On the other hand, the case of Barry v. United States ex rel. Cunningham, supra, as held by the Supreme Court, concerned, what took place afterwards, namely the action of the Senate in attaching Cunningham and bringing him before it “then and there or elsewhere as it may direct, to answer such questions pertinent to the matter under inquiry as the Senate, through its said Committee, or the President of the Senate, may propound,” etc. It will thus be seen that, so far as questions to Cunningham are concerned, the indictment in the present ease concerned questions already asked and refused to be answered, while the Barry Case concerned questions to be asked in the future. In deciding the ease before it, the Supreme Court explicitly stated what it did and what it did not decide, namely:
“We must accept this unequivocal language as expressing the purpose of the Senate to elicit testimony in response to questions to be propounded at the bar of the Senate, and the question whether the information sought to be elicited from Cunningham by the committee was pertinent to the inquiry which the committee had been directed to make may be put aside as immaterial.
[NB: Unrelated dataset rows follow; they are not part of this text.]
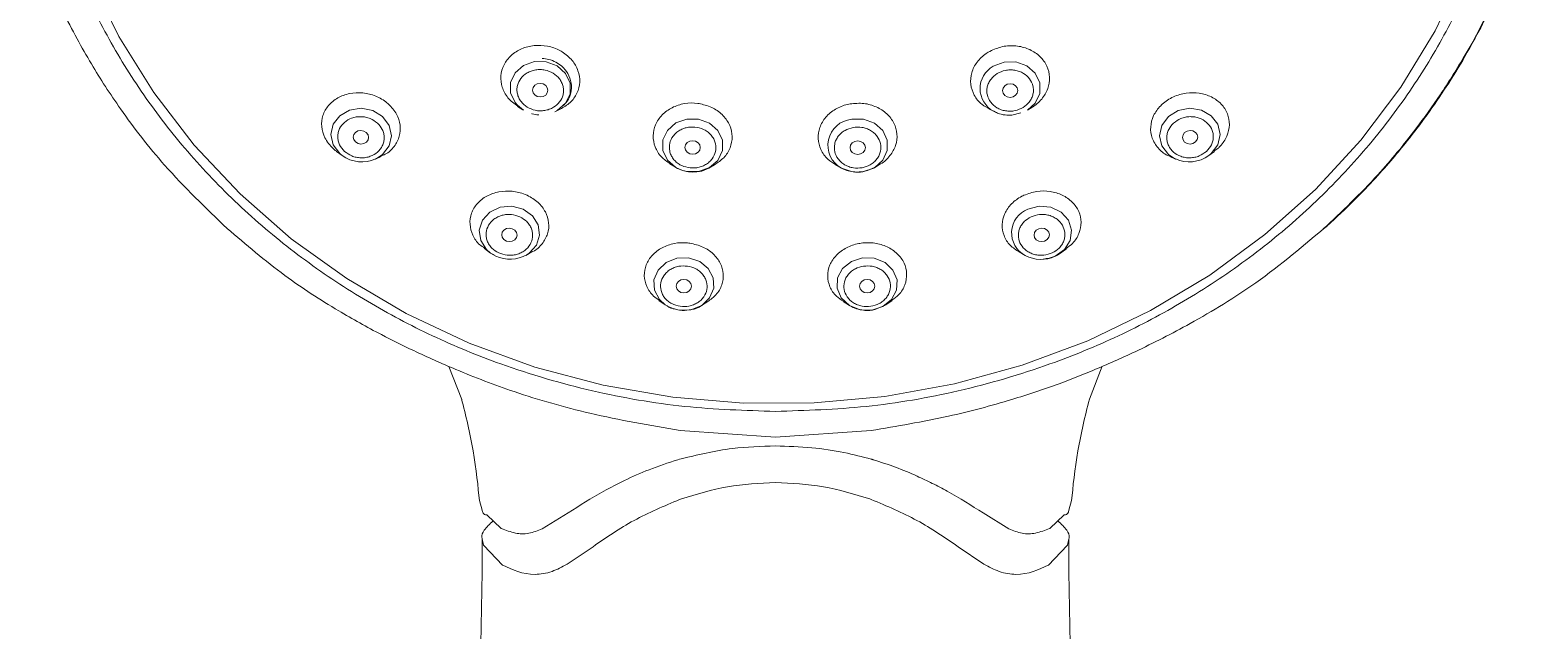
# Model space of a CAD drawing. Extents: x 1522 to 1942, y -990 to -693.
# Drawn here: x 1710.91 to 1726.48, y -759.44 to -753.17 of the extents above; entities that cross this region are included whole.
import ezdxf

# ---------------------------------------------------------------- set-up
doc = ezdxf.new("R2010")
doc.units = 0
doc.header["$LTSCALE"] = 7
doc.header["$MEASUREMENT"] = 0
doc.layers.get('0').update_dxf_attribs({"color": 2, "linetype": 'CONTINUOUS'})

msp = doc.modelspace()

# ---------------------------------------------------------------- linework, layer by layer
at = {"color": 7, "linetype": 'Continuous', "lineweight": 15}
for p, q in [((1716.066, -754.012), (1716.001, -753.961)), ((1716.004, -753.973), (1716.059, -754.008)), ((1716.393, -754.029), (1716.449, -754.003)), ((1720.935, -754.007), (1720.99, -754.033)), ((1720.99, -754.033), (1720.971, -754.023)), ((1721.16, -754.065), (1721.256, -754.041)), ((1721.325, -754.012), (1721.38, -753.977)), ((1714.114, -754.442), (1714.173, -754.485)), ((1714.521, -754.522), (1714.579, -754.496)), ((1722.811, -754.496), (1722.87, -754.522)), ((1723.217, -754.485), (1723.276, -754.442)), ((1723.31, -754.414), (1723.273, -754.438)), ((1717.593, -754.572), (1717.651, -754.608)), ((1718, -754.616), (1718.059, -754.583)), ((1719.324, -754.585), (1719.383, -754.617)), ((1719.731, -754.609), (1719.79, -754.573)), ((1715.657, -755.457), (1715.72, -755.503)), ((1721.671, -755.503), (1721.734, -755.457)), ((1715.776, -755.536), (1715.72, -755.503)), ((1715.721, -755.503), (1715.758, -755.522)), ((1716.089, -755.527), (1716.153, -755.492)), ((1721.238, -755.492), (1721.302, -755.527)), ((1717.478, -755.997), (1717.544, -756.042)), ((1717.923, -756.051), (1717.99, -756.01)), ((1719.401, -756.01), (1719.467, -756.051)), ((1719.751, -756.085), (1719.842, -756.046)), ((1719.847, -756.042), (1719.912, -755.997)), ((1715.287, -756.685), (1715.422, -757.032)), ((1721.971, -757.028), (1722.104, -756.684)), ((1717.701, -757.354), (1718.695, -757.424)), ((1718.695, -757.424), (1719.692, -757.354)), ((1717.695, -757.653), (1717.677, -757.659)), ((1715.605, -758.086), (1715.633, -758.186)), ((1717.695, -758.074), (1717.713, -758.068)), ((1719.695, -758.074), (1719.678, -758.068)), ((1721.758, -758.186), (1721.785, -758.086)), ((1715.635, -758.189), (1715.633, -758.186)), ((1715.635, -758.189), (1715.635, -758.189)), ((1715.832, -758.375), (1715.684, -758.235)), ((1716.53, -758.213), (1716.259, -758.379)), ((1720.861, -758.213), (1721.132, -758.379)), ((1721.559, -758.375), (1721.707, -758.235)), ((1721.756, -758.189), (1721.758, -758.186)), ((1715.634, -758.485), (1715.635, -758.841)), ((1715.651, -758.553), (1715.649, -758.549)), ((1715.651, -758.553), (1715.846, -758.759)), ((1716.52, -758.749), (1716.791, -758.566)), ((1720.6, -758.566), (1720.871, -758.749)), ((1721.544, -758.759), (1721.739, -758.553)), ((1721.741, -758.549), (1721.739, -758.553)), ((1721.741, -758.549), (1721.757, -758.485)), ((1721.755, -758.841), (1721.757, -758.484)), ((1715.635, -758.831), (1715.611, -760.034)), ((1715.846, -758.759), (1715.849, -758.76)), ((1721.544, -758.759), (1721.541, -758.76)), ((1721.78, -760.034), (1721.755, -758.831))]:
    msp.add_line(p, q, dxfattribs=at)
at = {"color": 8, "linetype": 'Continuous', "lineweight": 15}
for p, q in [((1723.242, -754.465), (1723.217, -754.485)), ((1717.769, -754.652), (1717.725, -754.641)), ((1719.613, -754.654), (1719.522, -754.658)), ((1719.721, -754.616), (1719.613, -754.654)), ((1717.689, -756.098), (1717.626, -756.083)), ((1719.701, -756.098), (1719.615, -756.1)), ((1715.634, -758.485), (1715.649, -758.549))]:
    msp.add_line(p, q, dxfattribs=at)
at = {"color": 7, "linetype": 'Continuous', "lineweight": 15, "flags": 128}
for points in [[(1711.544, -752.63), (1711.843, -753.243), (1712.206, -753.827), (1712.629, -754.377), (1713.109, -754.887), (1713.641, -755.353), (1714.22, -755.77), (1714.841, -756.135), (1715.498, -756.444), (1716.185, -756.694), (1716.896, -756.882), (1717.623, -757.008), (1718.36, -757.07), (1719.1, -757.067), (1719.837, -756.999), (1720.563, -756.867), (1721.271, -756.673), (1721.955, -756.417), (1722.609, -756.103), (1723.227, -755.733), (1723.802, -755.311), (1724.329, -754.841), (1724.804, -754.327), (1725.222, -753.774), (1725.578, -753.186), (1725.871, -752.571)], [(1716.24, -753.875), (1716.271, -753.87), (1716.297, -753.855), (1716.314, -753.832), (1716.32, -753.805), (1716.314, -753.778), (1716.297, -753.754), (1716.271, -753.739), (1716.24, -753.733), (1716.209, -753.738), (1716.183, -753.753), (1716.166, -753.776), (1716.16, -753.803), (1716.166, -753.83), (1716.183, -753.853), (1716.209, -753.869), (1716.24, -753.875)], [(1721.144, -753.879), (1721.175, -753.873), (1721.201, -753.857), (1721.218, -753.834), (1721.224, -753.807), (1721.218, -753.78), (1721.201, -753.757), (1721.175, -753.742), (1721.144, -753.737), (1721.113, -753.743), (1721.088, -753.758), (1721.07, -753.782), (1721.064, -753.809), (1721.07, -753.836), (1721.088, -753.859), (1721.113, -753.874), (1721.144, -753.879)], [(1714.289, -754.293), (1714.295, -754.32), (1714.313, -754.344), (1714.339, -754.36), (1714.369, -754.366), (1714.4, -754.361), (1714.426, -754.346), (1714.443, -754.323), (1714.449, -754.297), (1714.443, -754.269), (1714.425, -754.246), (1714.399, -754.23), (1714.369, -754.224), (1714.338, -754.229), (1714.312, -754.244), (1714.295, -754.266), (1714.289, -754.293)], [(1717.83, -754.472), (1717.861, -754.467), (1717.887, -754.452), (1717.904, -754.429), (1717.91, -754.402), (1717.904, -754.375), (1717.887, -754.352), (1717.861, -754.337), (1717.83, -754.331), (1717.8, -754.336), (1717.774, -754.351), (1717.756, -754.374), (1717.75, -754.401), (1717.756, -754.428), (1717.774, -754.451), (1717.8, -754.467), (1717.83, -754.472)], [(1719.553, -754.474), (1719.583, -754.468), (1719.609, -754.453), (1719.626, -754.43), (1719.633, -754.403), (1719.626, -754.376), (1719.609, -754.353), (1719.583, -754.338), (1719.553, -754.332), (1719.522, -754.338), (1719.496, -754.353), (1719.479, -754.376), (1719.473, -754.403), (1719.479, -754.43), (1719.496, -754.453), (1719.522, -754.468), (1719.553, -754.474)], [(1722.942, -754.297), (1722.948, -754.323), (1722.965, -754.346), (1722.991, -754.361), (1723.021, -754.366), (1723.052, -754.36), (1723.078, -754.344), (1723.095, -754.32), (1723.101, -754.293), (1723.095, -754.266), (1723.078, -754.244), (1723.052, -754.229), (1723.022, -754.224), (1722.991, -754.23), (1722.965, -754.246), (1722.948, -754.269), (1722.942, -754.297)], [(1717.725, -754.641), (1717.655, -754.61), (1717.651, -754.608)], [(1719.522, -754.658), (1719.49, -754.654), (1719.383, -754.617)], [(1719.731, -754.609), (1719.727, -754.612), (1719.721, -754.616)], [(1721.328, -755.046), (1721.447, -755.014), (1721.569, -755.025), (1721.677, -755.077), (1721.753, -755.161), (1721.786, -755.264), (1721.772, -755.372), (1721.711, -755.467), (1721.614, -755.536)], [(1715.918, -755.384), (1715.948, -755.379), (1715.974, -755.364), (1715.992, -755.341), (1715.998, -755.315), (1715.992, -755.288), (1715.974, -755.265), (1715.948, -755.249), (1715.918, -755.243), (1715.887, -755.248), (1715.861, -755.263), (1715.844, -755.285), (1715.838, -755.312), (1715.844, -755.339), (1715.861, -755.362), (1715.887, -755.378), (1715.918, -755.384)], [(1721.473, -755.384), (1721.503, -755.378), (1721.529, -755.362), (1721.547, -755.339), (1721.553, -755.312), (1721.547, -755.285), (1721.529, -755.263), (1721.503, -755.248), (1721.473, -755.243), (1721.442, -755.249), (1721.416, -755.265), (1721.399, -755.288), (1721.393, -755.315), (1721.399, -755.341), (1721.416, -755.364), (1721.442, -755.379), (1721.473, -755.384)], [(1717.738, -755.919), (1717.769, -755.914), (1717.795, -755.898), (1717.812, -755.876), (1717.818, -755.849), (1717.812, -755.822), (1717.795, -755.8), (1717.769, -755.784), (1717.738, -755.779), (1717.708, -755.784), (1717.682, -755.799), (1717.664, -755.822), (1717.658, -755.848), (1717.664, -755.875), (1717.682, -755.898), (1717.708, -755.913), (1717.738, -755.919)], [(1719.652, -755.919), (1719.683, -755.913), (1719.709, -755.898), (1719.726, -755.875), (1719.732, -755.848), (1719.726, -755.822), (1719.709, -755.799), (1719.683, -755.784), (1719.652, -755.779), (1719.622, -755.784), (1719.596, -755.8), (1719.578, -755.822), (1719.572, -755.849), (1719.578, -755.876), (1719.596, -755.898), (1719.622, -755.914), (1719.652, -755.919)], [(1717.626, -756.083), (1717.574, -756.06), (1717.544, -756.042)], [(1719.615, -756.1), (1719.578, -756.095), (1719.467, -756.051)]]:
    msp.add_lwpolyline(points, dxfattribs=at)
at = {"color": 8, "linetype": 'Continuous', "lineweight": 15, "flags": 128}
for points in [[(1716.001, -753.961), (1715.979, -753.934), (1715.931, -753.832), (1715.931, -753.723), (1715.979, -753.623), (1716.066, -753.547), (1716.18, -753.506), (1716.303, -753.508), (1716.417, -753.551), (1716.504, -753.63), (1716.551, -753.731), (1716.551, -753.841), (1716.504, -753.941), (1716.417, -754.017), (1716.393, -754.029)], [(1720.968, -753.555), (1721.082, -753.512), (1721.205, -753.51), (1721.319, -753.551), (1721.406, -753.627), (1721.453, -753.727), (1721.453, -753.837), (1721.405, -753.938), (1721.325, -754.012)], [(1714.173, -754.485), (1714.148, -754.465), (1714.08, -754.373), (1714.056, -754.266), (1714.08, -754.159), (1714.148, -754.07), (1714.25, -754.012), (1714.371, -753.993), (1714.492, -754.017), (1714.594, -754.08), (1714.663, -754.172), (1714.687, -754.28), (1714.663, -754.386), (1714.595, -754.475), (1714.521, -754.522)], [(1722.87, -754.522), (1722.796, -754.475), (1722.727, -754.386), (1722.703, -754.28), (1722.728, -754.172), (1722.796, -754.08), (1722.899, -754.017), (1723.019, -753.993), (1723.14, -754.012), (1723.243, -754.07), (1723.311, -754.159), (1723.335, -754.266), (1723.311, -754.373), (1723.242, -754.465), (1723.242, -754.465)], [(1717.651, -754.608), (1717.568, -754.533), (1717.521, -754.432), (1717.521, -754.323), (1717.568, -754.223), (1717.655, -754.146), (1717.769, -754.105), (1717.893, -754.106), (1718.007, -754.148), (1718.094, -754.226), (1718.141, -754.327), (1718.141, -754.435), (1718.094, -754.536), (1718.006, -754.612), (1717.892, -754.653), (1717.769, -754.652), (1717.769, -754.652)], [(1719.491, -754.107), (1719.614, -754.107), (1719.728, -754.148), (1719.815, -754.225), (1719.862, -754.325), (1719.862, -754.434), (1719.815, -754.535), (1719.731, -754.609)], [(1715.72, -755.503), (1715.679, -755.467), (1715.619, -755.372), (1715.604, -755.264), (1715.637, -755.161), (1715.714, -755.077), (1715.821, -755.025), (1715.944, -755.014), (1716.062, -755.046), (1716.159, -755.114), (1716.22, -755.209), (1716.234, -755.317), (1716.201, -755.42), (1716.125, -755.504), (1716.099, -755.521)], [(1717.544, -756.042), (1717.483, -755.987), (1717.431, -755.889), (1717.426, -755.781), (1717.469, -755.68), (1717.553, -755.601), (1717.665, -755.557), (1717.788, -755.553), (1717.904, -755.591), (1717.994, -755.665), (1718.046, -755.763), (1718.051, -755.87), (1718.008, -755.971), (1717.925, -756.05), (1717.813, -756.095), (1717.689, -756.098)], [(1719.467, -756.051), (1719.466, -756.05), (1719.382, -755.971), (1719.34, -755.87), (1719.344, -755.763), (1719.396, -755.665), (1719.487, -755.591), (1719.602, -755.553), (1719.726, -755.557), (1719.838, -755.601), (1719.921, -755.68), (1719.964, -755.781), (1719.959, -755.889), (1719.907, -755.987), (1719.817, -756.06), (1719.701, -756.098)]]:
    msp.add_lwpolyline(points, dxfattribs=at)
at = {"color": 8, "linetype": 'Continuous', "lineweight": 15}
for centre, radius, start, end in [((1721.097, -753.788), 0.267, 118.9929, 241.8054), ((1719.514, -754.379), 0.272, 94.911, 241.1337), ((1721.424, -755.292), 0.265, 111.2509, 242.4207)]:
    msp.add_arc(centre, radius, start, end, dxfattribs=at)
at = {"color": 7, "linetype": 'Continuous', "lineweight": 15}
for centre, radius, start, end in [((1714.379, -754.202), 0.35, 234.0358, 293.9474), ((1723.012, -754.202), 0.35, 246.0525, 305.9642), ((1715.924, -755.216), 0.352, 245.1683, 299.8282), ((1721.467, -755.216), 0.353, 242.0706, 294.7961)]:
    msp.add_arc(centre, radius, start, end, dxfattribs=at)
for points, knots in [([(1718.695, -743.066), (1718.379, -743.076), (1717.736, -743.097), (1716.773, -743.266), (1715.893, -743.522), (1715.109, -743.845), (1714.425, -744.207), (1713.78, -744.633), (1713.183, -745.121), (1712.644, -745.661), (1712.174, -746.245), (1711.774, -746.865), (1711.417, -747.573), (1711.132, -748.371), (1710.952, -749.243), (1710.894, -750.11), (1710.952, -750.978), (1711.132, -751.85), (1711.417, -752.647), (1711.774, -753.356), (1712.174, -753.976), (1712.644, -754.56), (1713.183, -755.1), (1713.78, -755.588), (1714.425, -756.014), (1715.109, -756.376), (1715.892, -756.699), (1716.773, -756.955), (1717.736, -757.124), (1718.379, -757.145), (1718.695, -757.155)], [0, 0, 0, 0, 0.038814, 0.078832, 0.119976, 0.152137, 0.184303, 0.217149, 0.25, 0.282846, 0.315696, 0.347858, 0.380025, 0.421165, 0.461183, 0.5, 0.538813, 0.578832, 0.619976, 0.652137, 0.684303, 0.717149, 0.75, 0.782846, 0.815696, 0.847858, 0.880024, 0.921165, 0.961184, 1, 1, 1, 1]), ([(1718.695, -757.155), (1719.012, -757.145), (1719.654, -757.124), (1720.617, -756.955), (1721.498, -756.699), (1722.281, -756.376), (1722.966, -756.014), (1723.611, -755.588), (1724.208, -755.1), (1724.746, -754.56), (1725.217, -753.976), (1725.617, -753.356), (1725.973, -752.648), (1726.258, -751.85), (1726.438, -750.978), (1726.496, -750.11), (1726.438, -749.243), (1726.258, -748.371), (1725.973, -747.573), (1725.617, -746.865), (1725.217, -746.245), (1724.746, -745.661), (1724.208, -745.121), (1723.611, -744.633), (1722.966, -744.207), (1722.281, -743.845), (1721.498, -743.522), (1720.617, -743.266), (1719.654, -743.097), (1719.012, -743.076), (1718.695, -743.066)], [0, 0, 0, 0, 0.038814, 0.078832, 0.119976, 0.152137, 0.184304, 0.21715, 0.25, 0.282846, 0.315697, 0.347858, 0.380024, 0.421165, 0.461183, 0.5, 0.538813, 0.578832, 0.619975, 0.652137, 0.684304, 0.71715, 0.75, 0.782846, 0.815697, 0.847858, 0.880024, 0.921165, 0.961184, 1, 1, 1, 1]), ([(1711.021, -752.447), (1711.039, -752.496), (1711.108, -752.677), (1711.239, -752.951), (1711.402, -753.262), (1711.595, -753.604), (1711.887, -754.052), (1712.342, -754.642), (1712.749, -755.032), (1712.974, -755.248)], [0.0462962, 0.0462962, 0.0462962, 0.0462962, 0.0893035, 0.2068704, 0.2972947, 0.3817218, 0.5376079, 0.743692, 0.9982253, 0.9982253, 0.9982253, 0.9982253]), ([(1724.412, -755.252), (1724.607, -755.068), (1724.953, -754.739), (1725.345, -754.259), (1725.637, -753.852), (1725.909, -753.417), (1726.134, -753.023), (1726.242, -752.744), (1726.272, -752.667)], [0, 0, 0, 0, 0.247733, 0.440141, 0.57725, 0.718583, 0.922058, 1, 1, 1, 1]), ([(1724.452, -755.22), (1724.549, -755.131), (1724.723, -754.969), (1724.95, -754.731), (1725.132, -754.525), (1725.312, -754.306), (1725.5, -754.059), (1725.701, -753.765), (1725.974, -753.327), (1726.14, -752.969), (1726.255, -752.722)], [0, 0, 0, 0, 0.125157, 0.225672, 0.313791, 0.388336, 0.49819, 0.613176, 0.733288, 1, 1, 1, 1]), ([(1716.005, -753.972), (1715.968, -753.944), (1715.896, -753.889), (1715.837, -753.774), (1715.822, -753.654), (1715.855, -753.537), (1715.931, -753.437), (1716.042, -753.366), (1716.176, -753.332), (1716.317, -753.339), (1716.415, -753.372), (1716.461, -753.399), (1716.469, -753.404)], [0, 0, 0, 0, 0.112179, 0.219994, 0.328018, 0.436342, 0.544929, 0.653626, 0.762241, 0.870606, 0.97867, 1, 1, 1, 1]), ([(1716.469, -753.404), (1716.506, -753.431), (1716.579, -753.486), (1716.641, -753.6), (1716.66, -753.72), (1716.63, -753.837), (1716.559, -753.939), (1716.485, -753.981), (1716.448, -754.002)], [0, 0, 0, 0, 0.173655, 0.339762, 0.506169, 0.673017, 0.840283, 1, 1, 1, 1]), ([(1720.937, -754.004), (1720.906, -753.988), (1720.836, -753.952), (1720.763, -753.858), (1720.726, -753.743), (1720.736, -753.621), (1720.793, -753.508), (1720.863, -753.44), (1720.908, -753.412), (1720.916, -753.407)], [0, 0, 0, 0, 0.132332, 0.299481, 0.466809, 0.634003, 0.800811, 0.967158, 1, 1, 1, 1]), ([(1720.916, -753.407), (1720.959, -753.386), (1721.043, -753.346), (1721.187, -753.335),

“It results that the following are the sole questions here for determination: (1) whether the Senate was engaged in an inquiry which it had constitutional power to make; (2) if so, whether that body had power to bring Cunningham to its bar as a witness by means of a warrant of arrest; and (3) whether, as a necessary prerequisite to the issue of such warrant of arrest, a subpoena should first have been served and disobeyed.”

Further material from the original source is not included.